Kraft cooking converts 4-O-methylglucuronic acid (MeGlcA) side groups into 4-deoxyhex-4-enuronic acid (HexA) groups almost completely. The HexA side groups are degraded by ozone or chlorine dioxide, but MeGlcA and arabinose side groups are relatively stable toward the bleaching chemicals.[50] The interaction of enzymes with kraft pulp depends on the presence of ionized side chains (see above) and the metal counter ions that may be present.[51] Metal-free pulp is poorly hydrolyzed. Xylanases exhibit different abilities to facilitate bleaching, but bleaching enhancement generally correlates with the release of chromophores from pulp.10
Elucidation of the tertiary structure and catalytic mechanisms of the two major families of microbial xylanases has enabled a better understanding of what determines the pH optimum and substrate binding sites. Genetic engineering has enhanced thermostability but not always with the desired activity at elevated temperature. Further engineering should improve the enzyme properties for commercial bleaching applications. The nature of the xylan binding and the details of enzyme interaction with side chains needs to better understood.
For comments or further information write to Tom Jeffries: twjeffri@facstaff.wisc.edu
Figure 1. The overall three-dimensional structure of the Family 11 xylanases from Bacillus circulans (1XNB) and Trichoderma harzianum (1XND) are highly similar despite the great genetic distance that separates them.
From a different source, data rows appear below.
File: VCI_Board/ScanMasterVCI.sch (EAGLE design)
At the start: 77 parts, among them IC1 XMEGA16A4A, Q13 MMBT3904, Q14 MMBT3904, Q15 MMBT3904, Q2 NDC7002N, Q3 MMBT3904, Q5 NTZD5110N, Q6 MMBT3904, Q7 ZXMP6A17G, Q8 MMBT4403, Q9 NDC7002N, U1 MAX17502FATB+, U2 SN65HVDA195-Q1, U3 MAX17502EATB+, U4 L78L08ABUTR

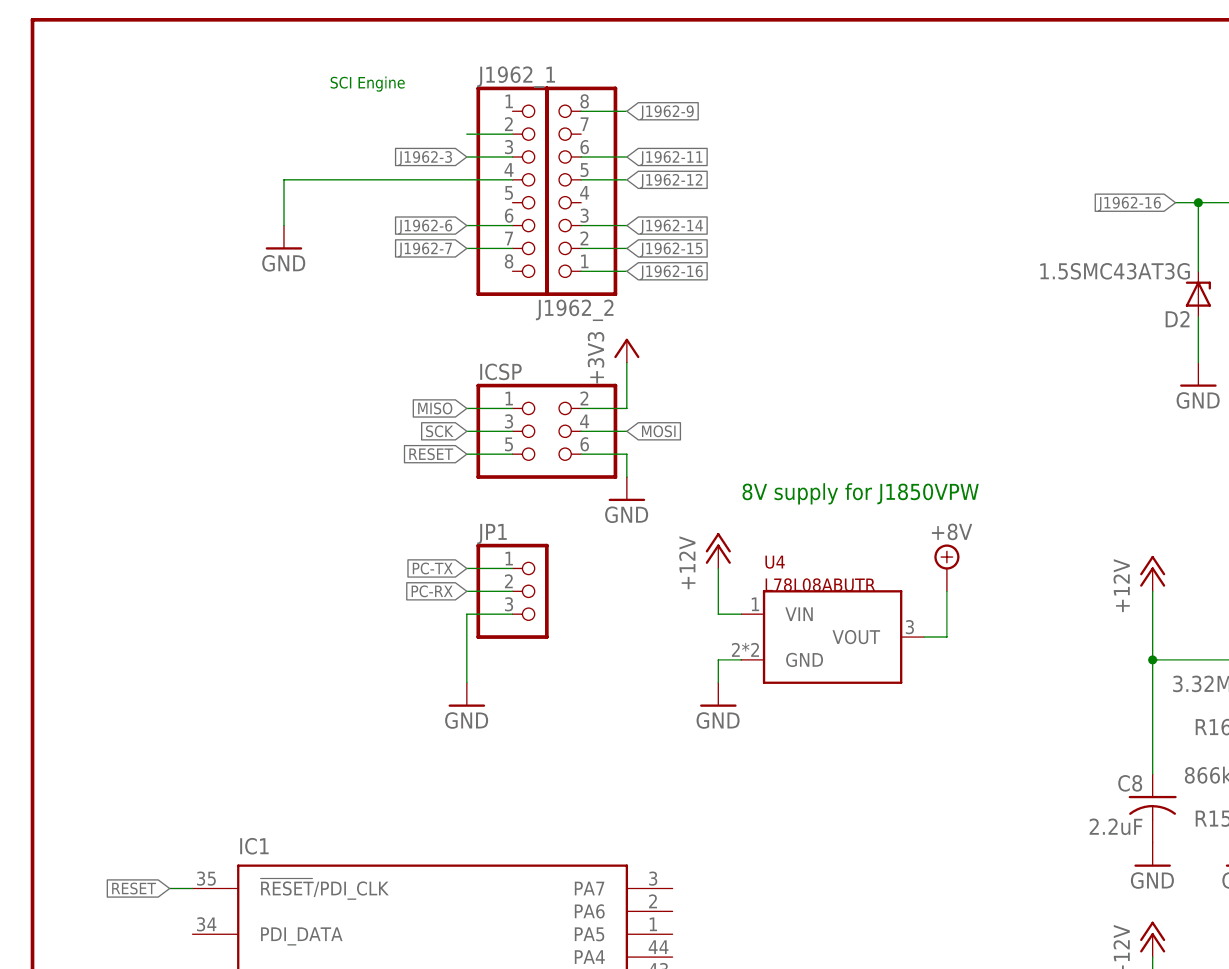
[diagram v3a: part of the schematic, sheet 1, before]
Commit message: Changed OBD2 connector, refined layout
Decided that it'd be more efficient if I removed all un-used OBD-II pins. Axed about 5 pins and changed the order such that the layout is easier. Managed to get the number of vias down to 68 or so. Separated resistors and capacitors into rows so that I can label them individually.
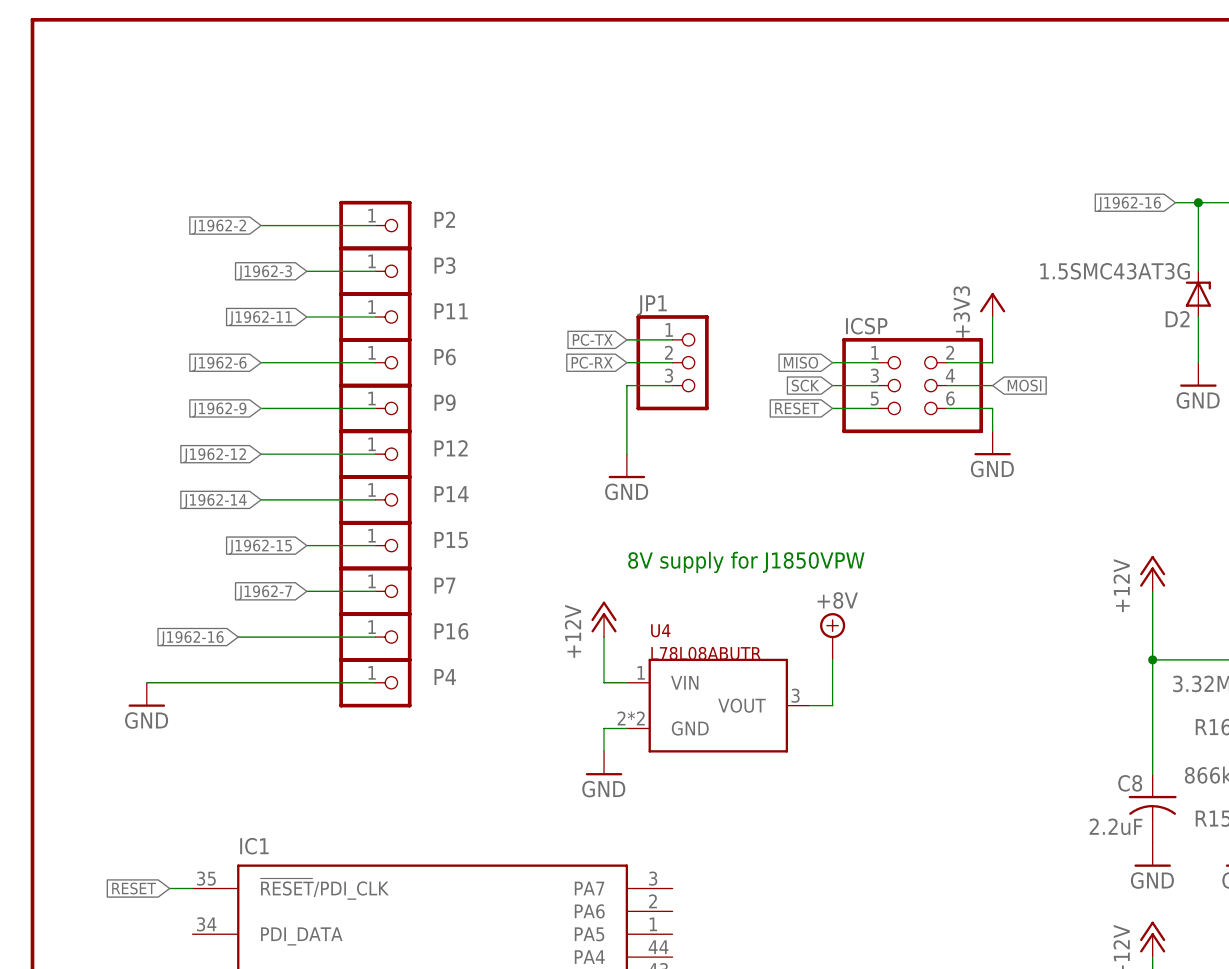
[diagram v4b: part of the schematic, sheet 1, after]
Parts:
- removed J1962_1, J1962_2: (no value), pinhead:PINHD-1X8
- added P11, P12, P14, P15, P16, P2, P3, P4, P6, P7, P9: (no value), pinhead:PINHD-1X1
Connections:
- net GND: now also P4.1; no longer J1962_1.4
- net J1962-11: now also P11.1; no longer J1962_2.6
- net J1962-12: now also P12.1; no longer J1962_2.5
- net J1962-14: now also P14.1; no longer J1962_2.3
- net J1962-15: now also P15.1; no longer J1962_2.2
- net J1962-16: now also P16.1; no longer J1962_2.1
- net J1962-2: now also P2.1; no longer J1962_1.2
- net J1962-3: now also P3.1; no longer J1962_1.3
- net J1962-6: now also P6.1; no longer J1962_1.6
- net J1962-7: now also P7.1; no longer J1962_1.7
- net J1962-9: now also P9.1; no longer J1962_2.8
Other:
- note removed: "SCI Engine"
- moved on the sheet: ICSP, JP1, U4

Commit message: Replaced NDC7002N with NTZD5110N
NDC7002N is out of stock at Digikey, so I am substituting the NTZD5110N. Should be fine, the 5110 just has a lower amp rating than the 7002.
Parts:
- removed Q9: NDC7002N, customics:NDC7002N
- added Q1: NTZD5110N, customics:NTZD5110N
- Q2: value NDC7002N -> NTZD5110N; device customics:NDC7002N -> customics:NTZD5110N
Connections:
- net ISO-K: now also Q1B.D; no longer Q9B.D
- net J1962-11: now also R1.2, U$1.CANL; no longer R1.1, U$1.CANH
- net J1962-3: now also R1.1, U$1.CANH; no longer R1.2, U$1.CANL
- net J1962-7: now also Q1A.D; no longer Q9A.D
- net N$11: now also Q1A.G, Q1B.G; no longer Q9A.G, Q9B.G
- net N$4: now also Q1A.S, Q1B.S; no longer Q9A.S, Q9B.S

Figure 2. With reference to 1XNB of Fig. 1, A) The helical xylan substrate is positioned in the trough formed between Tyr65 and Tyr69. Glu172 is the acid/base catalyst and Glu78 is the nucleophile. B) the glycone is bound to Glu78. This intermediate is retained during transglycosylating reactions. C) Water displaces the nucleophile. D) Dissociation and diffusion of the glycone (xylobiose) allows for movement of the enzyme to a new position on the substrate. Because the aglycone is released in step B and the glycone is released in D, many xylanases of Family 11 exhibit a random endo mechanism rather than progressivity.